= Beginning of Section =

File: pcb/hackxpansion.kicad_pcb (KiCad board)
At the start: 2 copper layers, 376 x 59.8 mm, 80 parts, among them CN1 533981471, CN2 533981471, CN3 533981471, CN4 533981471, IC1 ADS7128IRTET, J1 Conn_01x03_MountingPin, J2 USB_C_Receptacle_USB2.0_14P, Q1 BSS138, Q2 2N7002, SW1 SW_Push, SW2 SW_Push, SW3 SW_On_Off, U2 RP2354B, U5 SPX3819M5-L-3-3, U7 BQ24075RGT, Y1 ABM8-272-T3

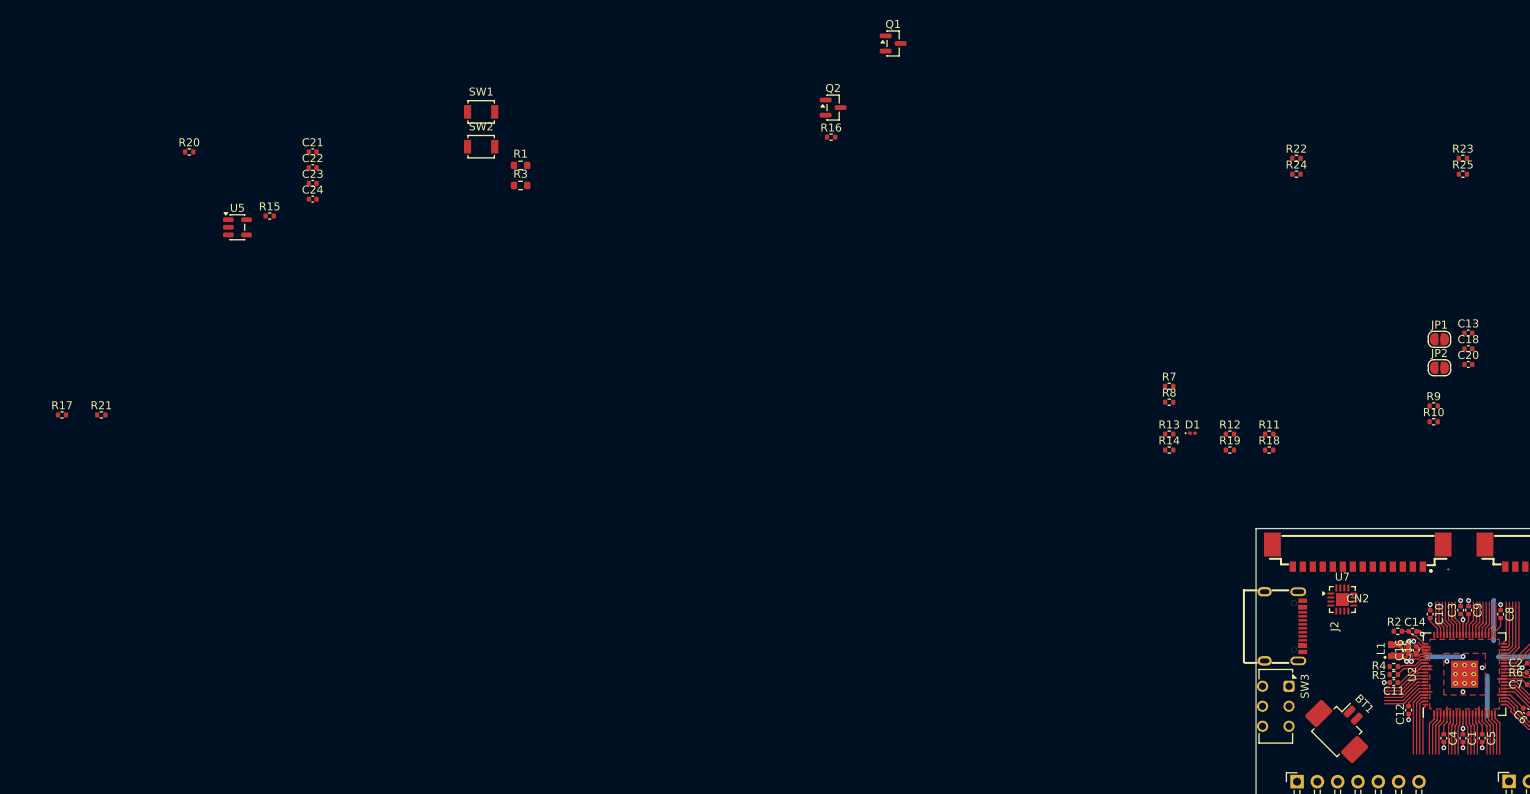
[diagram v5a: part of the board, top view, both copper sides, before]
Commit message: organized unlaid components
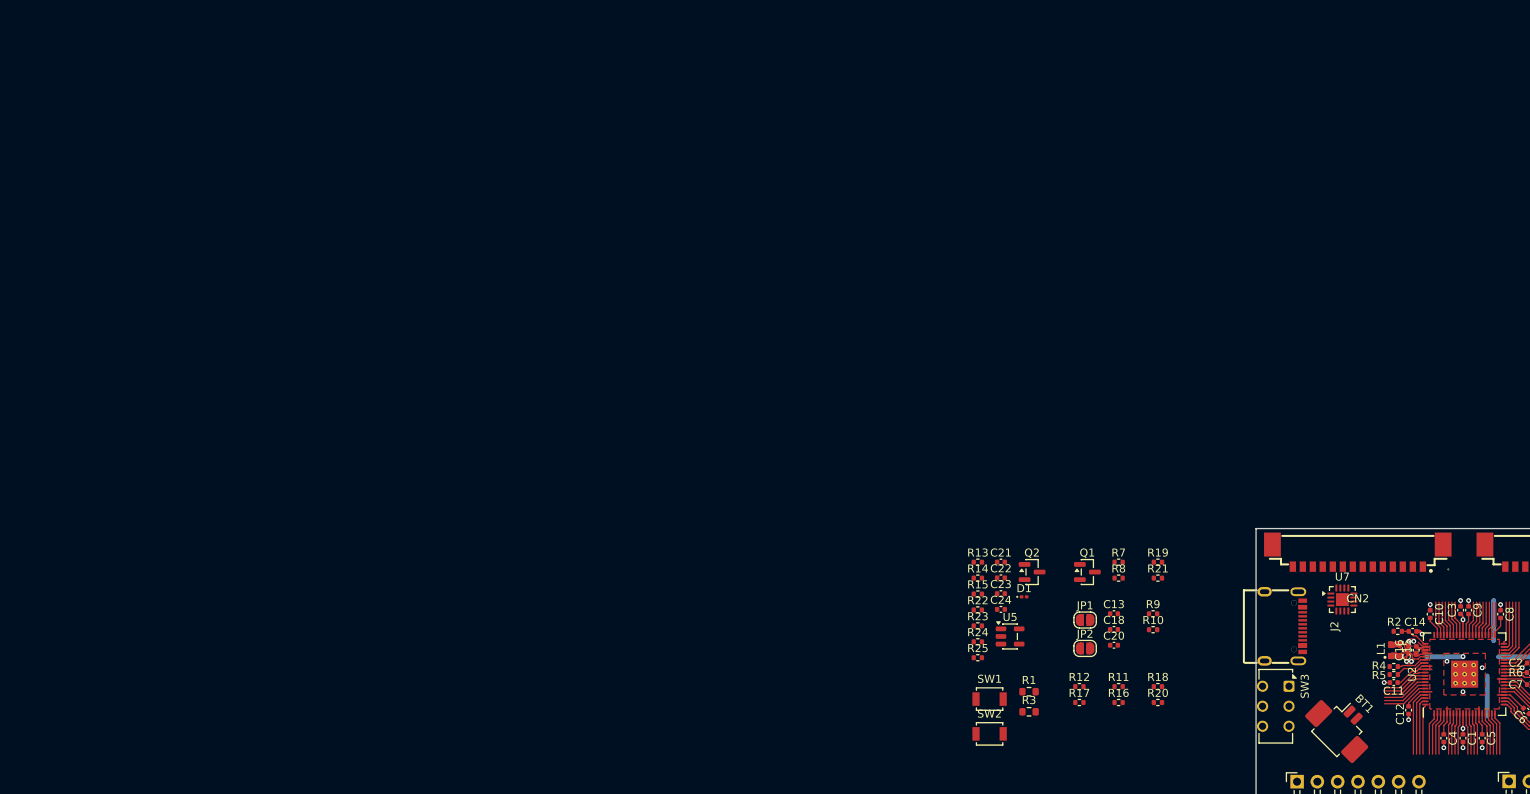
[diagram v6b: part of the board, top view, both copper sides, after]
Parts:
- moved R20 139.3 mm to (199.9, 108.1)
- moved R21 133.6 mm to (199.9, 92.6)
- moved R17 132.2 mm to (190.1, 108.1)
- moved U5 109.3 mm to (181.4, 99.8)
- moved R15 100.3 mm to (177.4, 94.5)
- moved C21 100.2 mm to (180.3, 90.6)
- moved C22 100.2 mm to (180.3, 92.5)
- moved C23 100.2 mm to (180.3, 94.5)
- moved C24 100.2 mm to (180.3, 96.5)
- moved SW1 97.1 mm to (178.8, 107.7)
- moved SW2 97.1 mm to (178.8, 112.0)
- moved R1 91.5 mm to (183.8, 106.8)
- moved R3 91.5 mm to (183.8, 109.3)
- moved R25 85.6 mm to (177.4, 102.5)
- moved R23 84.2 mm to (177.4, 98.5)
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
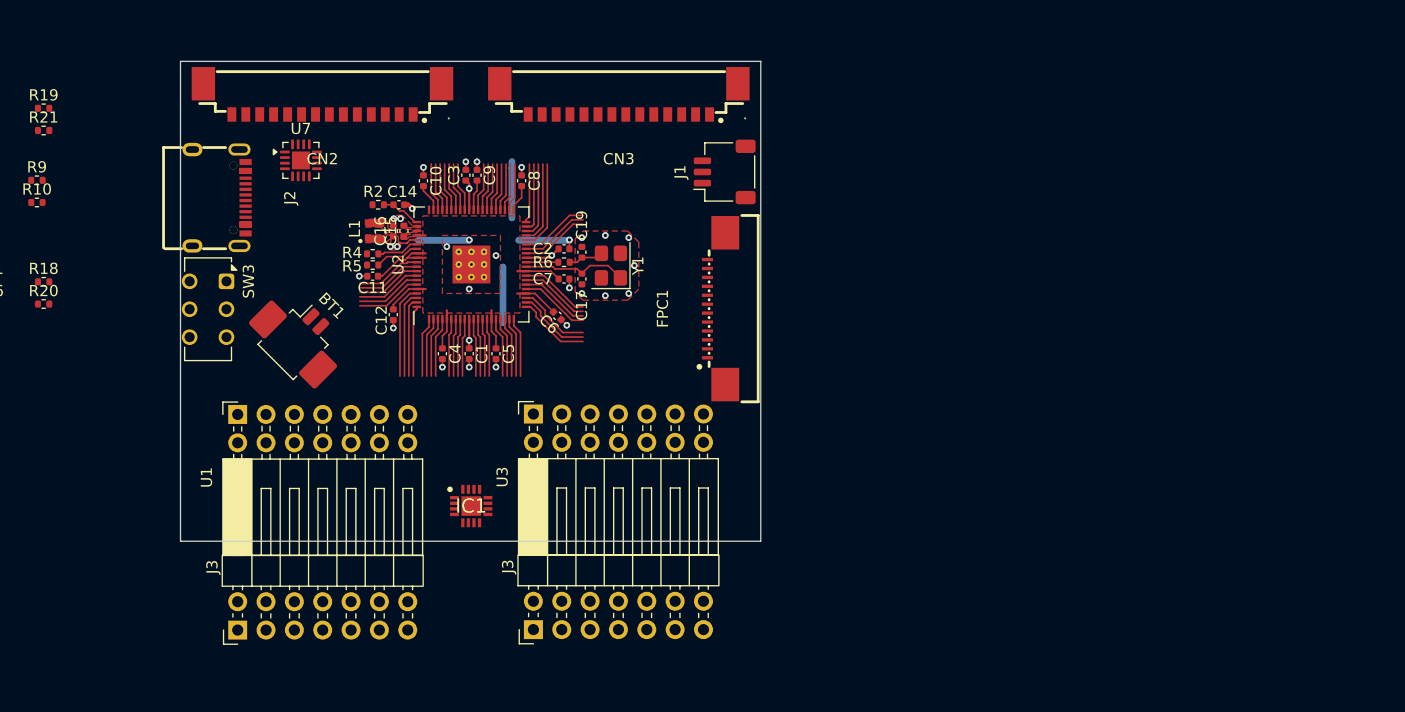
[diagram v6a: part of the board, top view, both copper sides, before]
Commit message: laid out edge components
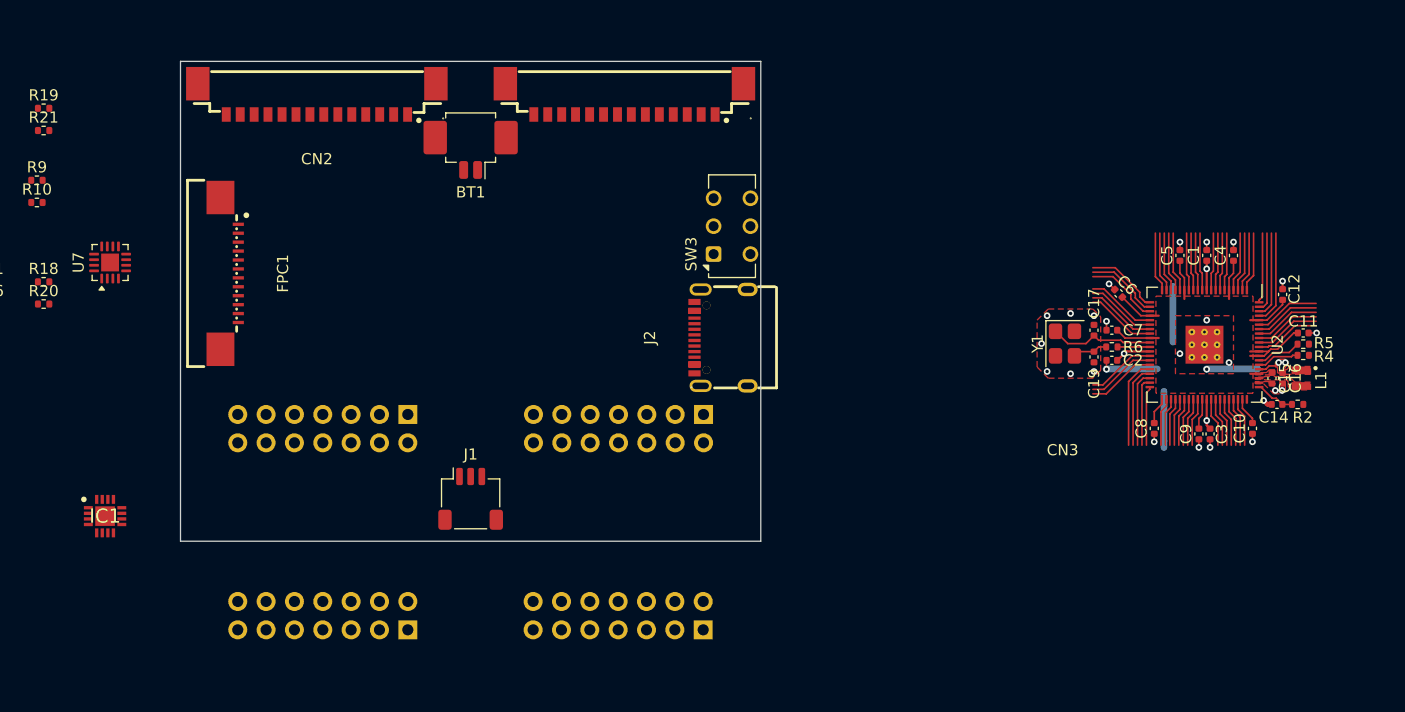
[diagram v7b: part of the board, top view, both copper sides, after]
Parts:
- J3 (x2), U1, U3: moved to B.Cu
- moved R2 84.3 mm to (312.3, 117.1), turned to 180 degrees
- moved L1 84.0 mm to (312.6, 114.8), turned to -90 degrees
- moved R4 83.9 mm to (312.8, 112.7), turned to 180 degrees
- moved R5 83.7 mm to (312.8, 111.7), turned to 180 degrees
- moved C11 83.5 mm to (312.8, 110.7), turned to 0 degrees
- moved C16 80.8 mm to (310.9, 114.8), turned to -90 degrees
- moved C14 80.7 mm to (310.4, 117.1), turned to 180 degrees
- moved C12 79.7 mm to (310.9, 107.2), turned to 90 degrees
- moved C15 78.9 mm to (310.0, 114.8), turned to -90 degrees
- moved C10 77.5 mm to (308.2, 119.3), turned to -90 degrees
- moved C4 71.4 mm to (306.5, 103.8), turned to 90 degrees
- moved C3 70.6 mm to (304.4, 119.7), turned to -90 degrees
- moved C9 68.7 mm to (303.4, 119.8), turned to -90 degrees
- moved C1 66.7 mm to (304.1, 103.8), turned to 90 degrees
- moved U2 66.1 mm to (303.9, 111.7), turned to -90 degrees
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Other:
- copper layers 2 -> 4

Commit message: did more layout, added 3d models
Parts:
- added JP3: SolderJumper_2_Open, Jumper:SolderJumper-2_P1.3mm_Open_RoundedPad1.0x1.5mm, F.Cu at (225.3, 114.1)
- D1: footprint LED_SMD:LED_0201_0603Metric -> LED_SMD:LED_0603_1608Metric
- R1, R3: footprint Resistor_SMD:R_0603_1608Metric -> Resistor_SMD:R_0402_1005Metric
- moved R25 84.6 mm to (261.7, 95.7), turned to 180 degrees
- moved R15 81.2 mm to (258.5, 98.1), turned to -90 degrees
- moved D1 80.3 mm to (263.4, 94.9), turned to 90 degrees
- moved R13 76.7 mm to (253.4, 100.5), turned to 180 degrees
- moved R14 76.3 mm to (253.4, 99.6)
- moved C24 75.8 mm to (256.0, 95.8), turned to 90 degrees
- moved SW1 74.7 mm to (250.7, 128.1)
- moved R1 74.5 mm to (255.1, 128.1)
- moved R23 73.3 mm to (250.5, 94.7)
- moved U5 72.2 mm to (253.5, 96.3)
- moved C23 70.5 mm to (250.7, 96.8), turned to 90 degrees
- moved C21 68.9 mm to (249.1, 93.7), turned to 180 degrees
- moved R22 67.9 mm to (245.2, 94.4), turned to 180 degrees
- moved R24 67.6 mm to (244.8, 95.4), turned to 180 degrees
- moved Q2 66.8 mm to (250.5, 99.4), turned to 180 degrees
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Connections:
- BT1 pad 1: /GND -> /MAIN_GND
- C1 pad 2: /GND -> /MAIN_GND
- C10 pad 2: /GND -> /MAIN_GND
- C11 pad 2: /GND -> /MAIN_GND
- C12 pad 2: /GND -> /MAIN_GND
- C13 pad 2: /GND -> /MAIN_GND
- C14 pad 2: /GND -> /MAIN_GND
- C15 pad 2: /GND -> /MAIN_GND
- C16 pad 2: /GND -> /MAIN_GND
- C17 pad 1: /GND -> /MAIN_GND
- C18 pad 2: /GND -> /MAIN_GND
- C19 pad 1: /GND -> /MAIN_GND
- C2 pad 2: /GND -> /MAIN_GND
- C20 pad 2: /GND -> /MAIN_GND
- C21 pad 1: /Main Board/Power/GND -> /MAIN_GND
- C22 pad 1: /Main Board/Power/GND -> /MAIN_GND
- C23 pad 1: /Main Board/Power/GND -> /MAIN_GND
- C24 pad 1: /Main Board/Power/GND -> /MAIN_GND
- C3 pad 2: /GND -> /MAIN_GND
- C4 pad 2: /GND -> /MAIN_GND
- C5 pad 2: /GND -> /MAIN_GND
- C6 pad 2: /GND -> /MAIN_GND
- C7 pad 2: /GND -> /MAIN_GND
- C8 pad 2: /GND -> /MAIN_GND
- C9 pad 2: /GND -> /MAIN_GND
- CN1 pad 14: /GND -> /DAUGHT_GND
- CN2 pad 14: /GND -> /MAIN_GND
- CN3 pad 14: /GND -> /MAIN_GND
- CN4 pad 14: /GND -> /DAUGHT_GND
- FPC1 pad 1: /GND -> /MAIN_GND
- FPC1 pad 12: /GND -> /MAIN_GND
- FPC1 pad 5: /GND -> /MAIN_GND
- FPC1 pad 6: /GND -> /MAIN_GND
- IC1 pad 17: /GND -> /MAIN_GND
- IC1 pad 9: /GND -> /MAIN_GND
- J1 pad 2: /GND -> /MAIN_GND
- J1 pad MP: /GND -> /MAIN_GND
- J2 pad A1: /GND -> /MAIN_GND
- J2 pad A12: /GND -> /MAIN_GND
- J2 pad B1: /GND -> /MAIN_GND
- J2 pad B12: /GND -> /MAIN_GND
- J2 pad SH: /GND -> /MAIN_GND
- JP1 pad 2: /GND -> /MAIN_GND
- Q1 pad 2: /GND -> /MAIN_GND
- Q2 pad 2: /Main Board/Power/GND -> /MAIN_GND
- R10 pad 2: /GND -> /MAIN_GND
- R11 pad 2: /GND -> /MAIN_GND
- R12 pad 2: /GND -> /MAIN_GND
- R14 pad 2: /Main Board/Power/GND -> /MAIN_GND
- R16 pad 2: /GND -> /MAIN_GND
- R17 pad 2: /GND -> /MAIN_GND
- R18 pad 2: /GND -> /DAUGHT_GND
- R19 pad 2: /GND -> /DAUGHT_GND
- R20 pad 2: /GND -> /DAUGHT_GND
- R21 pad 2: /GND -> /DAUGHT_GND
- R22 pad 2: /Main Board/Power/GND -> /MAIN_GND
- R23 pad 2: /Main Board/Power/GND -> /MAIN_GND
- R24 pad 2: /Main Board/Power/GND -> /MAIN_GND
- R8 pad 1: /Main Board/Display/BACKLIGHT -> Net-(JP3-A)
- R9 pad 2: /GND -> /MAIN_GND
- SW1 pad 1: /GND -> /MAIN_GND
- SW2 pad 1: /GND -> /MAIN_GND
- SW3 pad 1: /Main Board/Power/GND -> /MAIN_GND
- U1 pad 1: /GND -> /MAIN_GND
- U2 pad 62: /GND -> /MAIN_GND
- U2 pad 81: /GND -> /MAIN_GND
- U3 pad 1: /GND -> /MAIN_GND
- U4 pad 1: /GND -> /DAUGHT_GND
- U5 pad 2: /Main Board/Power/GND -> /MAIN_GND
- U6 pad 1: /GND -> /DAUGHT_GND
- U7 pad 17: /Main Board/Power/GND -> /MAIN_GND
- U7 pad 4: /Main Board/Power/GND -> /MAIN_GND
- U7 pad 5: /Main Board/Power/GND -> /MAIN_GND
- U7 pad 6: /Main Board/Power/VSW -> /Main Board/Power/REG-OUT
- U7 pad 8: /Main Board/Power/GND -> /MAIN_GND
- Y1 pad 2: /GND -> /MAIN_GND
- Y1 pad 4: /GND -> /MAIN_GND
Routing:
- net /MAIN_GND: track 0.00 -> 14.3 mm, vias 0 -> 22
- net /GND: track 14.3 -> 0.00 mm, vias 13 -> 0
- net /+3V3: track 34.3 -> 35.4 mm
- net (no net): vias 9 -> 0
- added copper zone on F.Cu, net /+3V3
- added copper zone on F.Cu, net /MAIN_GND
- removed copper zone on F.Cu, net Net-(U2-VREG_LX)

= End of Section =

■ **Exercise directions**
Using the entries above, give again exactly the lines from the line holding "- moved C14" through the line holding "at (225.3, 114.1)". Include both end lines and nothing else.

■ **Finished task**
- moved C14 80.7 mm to (310.4, 117.1), turned to 180 degrees
- moved C12 79.7 mm to (310.9, 107.2), turned to 90 degrees
- moved C15 78.9 mm to (310.0, 114.8), turned to -90 degrees
- moved C10 77.5 mm to (308.2, 119.3), turned to -90 degrees
- moved C4 71.4 mm to (306.5, 103.8), turned to 90 degrees
- moved C3 70.6 mm to (304.4, 119.7), turned to -90 degrees
- moved C9 68.7 mm to (303.4, 119.8), turned to -90 degrees
- moved C1 66.7 mm to (304.1, 103.8), turned to 90 degrees
- moved U2 66.1 mm to (303.9, 111.7), turned to -90 degrees
Other:
- copper layers 2 -> 4

Commit message: did more layout, added 3d models
Parts:
- added JP3: SolderJumper_2_Open, Jumper:SolderJumper-2_P1.3mm_Open_RoundedPad1.0x1.5mm, F.Cu at (225.3, 114.1)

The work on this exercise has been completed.